Selective Attention Supports Working Memory Maintenance by Modulating Perceptual Processing of Distractors

Selective attention has been shown to bias sensory processing in favor of relevant stimuli and against irrelevant or distracting stimuli in perceptual tasks. Increasing evidence suggests that selective attention plays an important role during working memory maintenance, possibly by biasing sensory processing in favor of to-be-remembered items. In the current study, we investigated whether selective attention may also support working memory by biasing processing against irrelevant and potentially distracting information. Event-related potentials (ERPs) were recorded while subjects (n 22) performed a delayed-recognition task for faces and shoes.

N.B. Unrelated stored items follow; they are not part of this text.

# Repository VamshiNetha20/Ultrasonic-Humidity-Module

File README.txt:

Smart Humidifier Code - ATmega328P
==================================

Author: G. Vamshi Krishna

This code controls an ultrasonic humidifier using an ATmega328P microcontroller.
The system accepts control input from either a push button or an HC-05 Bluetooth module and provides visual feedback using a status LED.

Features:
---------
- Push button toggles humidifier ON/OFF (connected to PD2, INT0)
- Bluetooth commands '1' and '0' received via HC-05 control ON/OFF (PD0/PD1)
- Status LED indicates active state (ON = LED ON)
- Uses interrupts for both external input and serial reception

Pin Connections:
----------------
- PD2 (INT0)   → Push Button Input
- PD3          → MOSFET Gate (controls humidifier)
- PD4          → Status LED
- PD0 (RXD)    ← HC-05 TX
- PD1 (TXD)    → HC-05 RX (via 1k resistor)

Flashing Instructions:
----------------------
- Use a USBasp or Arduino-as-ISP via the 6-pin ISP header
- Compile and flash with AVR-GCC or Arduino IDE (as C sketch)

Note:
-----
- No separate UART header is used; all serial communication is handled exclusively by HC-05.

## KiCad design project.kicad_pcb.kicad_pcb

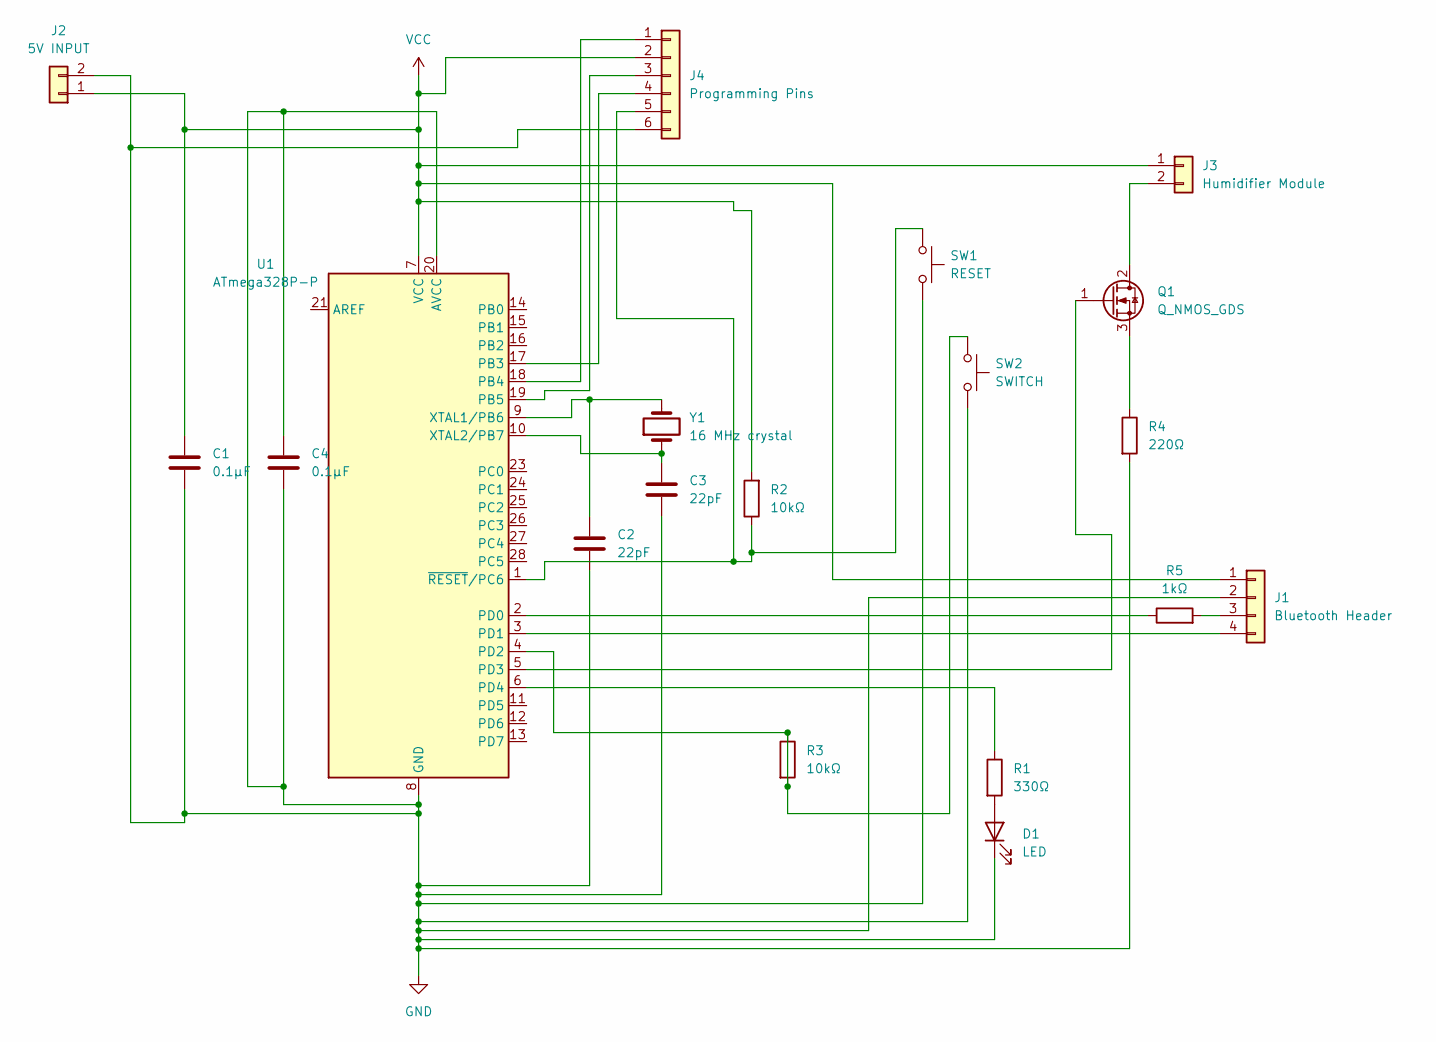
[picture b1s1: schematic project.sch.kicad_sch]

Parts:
C1, C4: 0.1µF; C_Disc_D5.0mm_W2.5mm_P5.00mm
C2: 22pF; C_Disc_D5.0mm_W2.5mm_P5.00mm
C3: 22pF; C_Disc_D5.0mm_W2.5mm_P2.50mm
D1: LED; LED_D5.0mm
J1: Bluetooth Header; PinHeader_1x04_P2.54mm_Vertical
J2: 5V INPUT; PinHeader_1x02_P2.54mm_Vertical
J3: Humidifier Module; PinHeader_1x02_P2.54mm_Vertical
J4: Programming Pins; PinHeader_1x06_P2.54mm_Vertical
Q1: Q_NMOS_GDS; TO-220-3_Vertical
R1: 330Ω; R_Axial_DIN0207_L6.3mm_D2.5mm_P7.62mm_Horizontal
R2, R3: 10kΩ; R_Axial_DIN0207_L6.3mm_D2.5mm_P7.62mm_Horizontal
R4: 220Ω; R_Axial_DIN0207_L6.3mm_D2.5mm_P7.62mm_Horizontal
R5: 1kΩ; R_Axial_DIN0207_L6.3mm_D2.5mm_P7.62mm_Horizontal
SW1: RESET; SW_PUSH_6mm_H5mm
SW2: SWITCH; SW_PUSH_6mm_H5mm
U1: ATmega328P-P; DIP-28_W7.62mm
Y1: 16 MHz crystal; Crystal_HC49-4H_Vertical

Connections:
GND: C1.2, C2.2, C3.2, C4.1, C4.2, D1.1 (K), J1.2, J2.2, J4.6, R4.2, SW1.2, SW2.2, U1.8 (GND), U1.20 (AVCC), U1.22 (GND)
unnamed: D1.2 (A), R1.2
unnamed: J1.3, R5.2
unnamed: J1.4, U1.3 (PD1)
unnamed: J3.2, Q1.2 (D)
unnamed: J4.1, U1.18 (PB4)
unnamed: J4.3, U1.19 (PB5)
unnamed: J4.4, U1.17 (PB3)
unnamed: J4.5, R2.1, SW1.1, U1.1 (~RESET/PC6)
unnamed: Q1.1 (G), U1.5 (PD3)
unnamed: Q1.3 (S), R4.1
unnamed: R5.1, U1.2 (PD0)
unnamed: R3.1, R3.2, SW2.1, U1.4 (PD2)
unnamed: R1.1, U1.6 (PD4)
unnamed: C2.1, U1.9 (XTAL1/PB6), Y1.2
unnamed: C3.1, U1.10 (XTAL2/PB7), Y1.1
VCC: C1.1, J1.1, J2.1, J3.1, J4.2, R2.2, U1.7 (VCC)

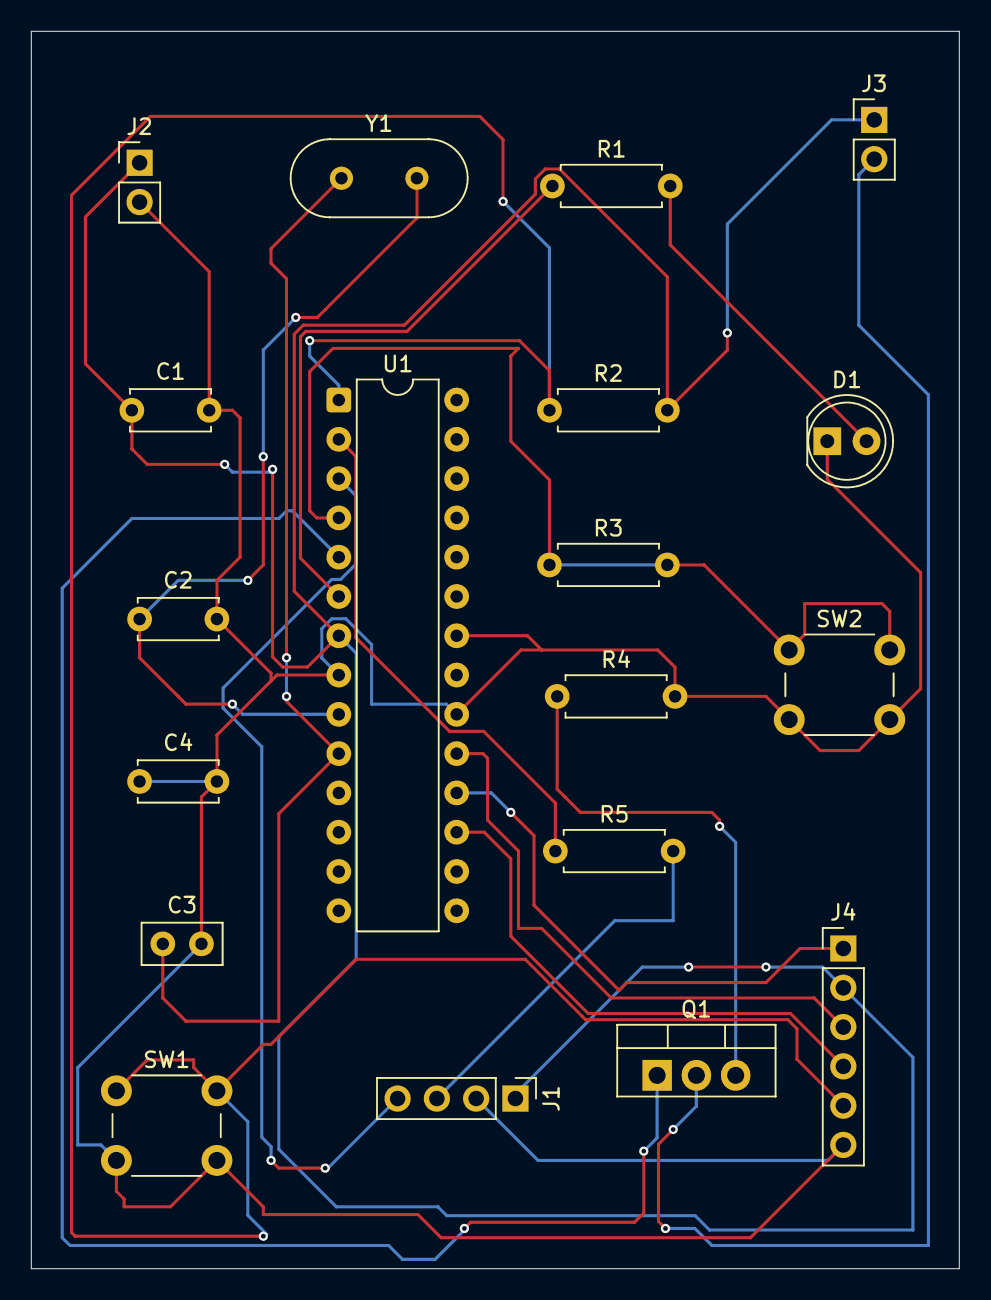
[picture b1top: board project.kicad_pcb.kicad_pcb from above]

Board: 2 copper layers, 60.0 x 80.0 mm, 19 parts (0 on the bottom side), 17 nets.

The delay period was filled with face or shoe distractors. Behavioral performance was impaired when distractors were congruent with the working memory domain (e.g., face distractor during working memory for faces) relative to when distractors were incongruent with the working memory domain (e.g., face distractor during shoe working memory). If attentional biasing against distractor processing is indeed functionally relevant in supporting working memory maintenance, perceptual processing of distractors is predicted to be attenuated when distractors are more behaviorally intrusive relative to when they are nonintrusive. As such, we predicted that perceptual processing of distracting faces, as measured by the face-sensitive N170 ERP component, would be reduced in the context of congruent (face) working memory relative to incongruent (shoe) working memory. The N170 elicited by distracting faces demonstrated reduced amplitude during congruent versus incongruent working memory. These results suggest that perceptual processing of distracting faces may be attenuated due to attentional biasing against sensory processing of distractors that are most behaviorally intrusive during working memory maintenance.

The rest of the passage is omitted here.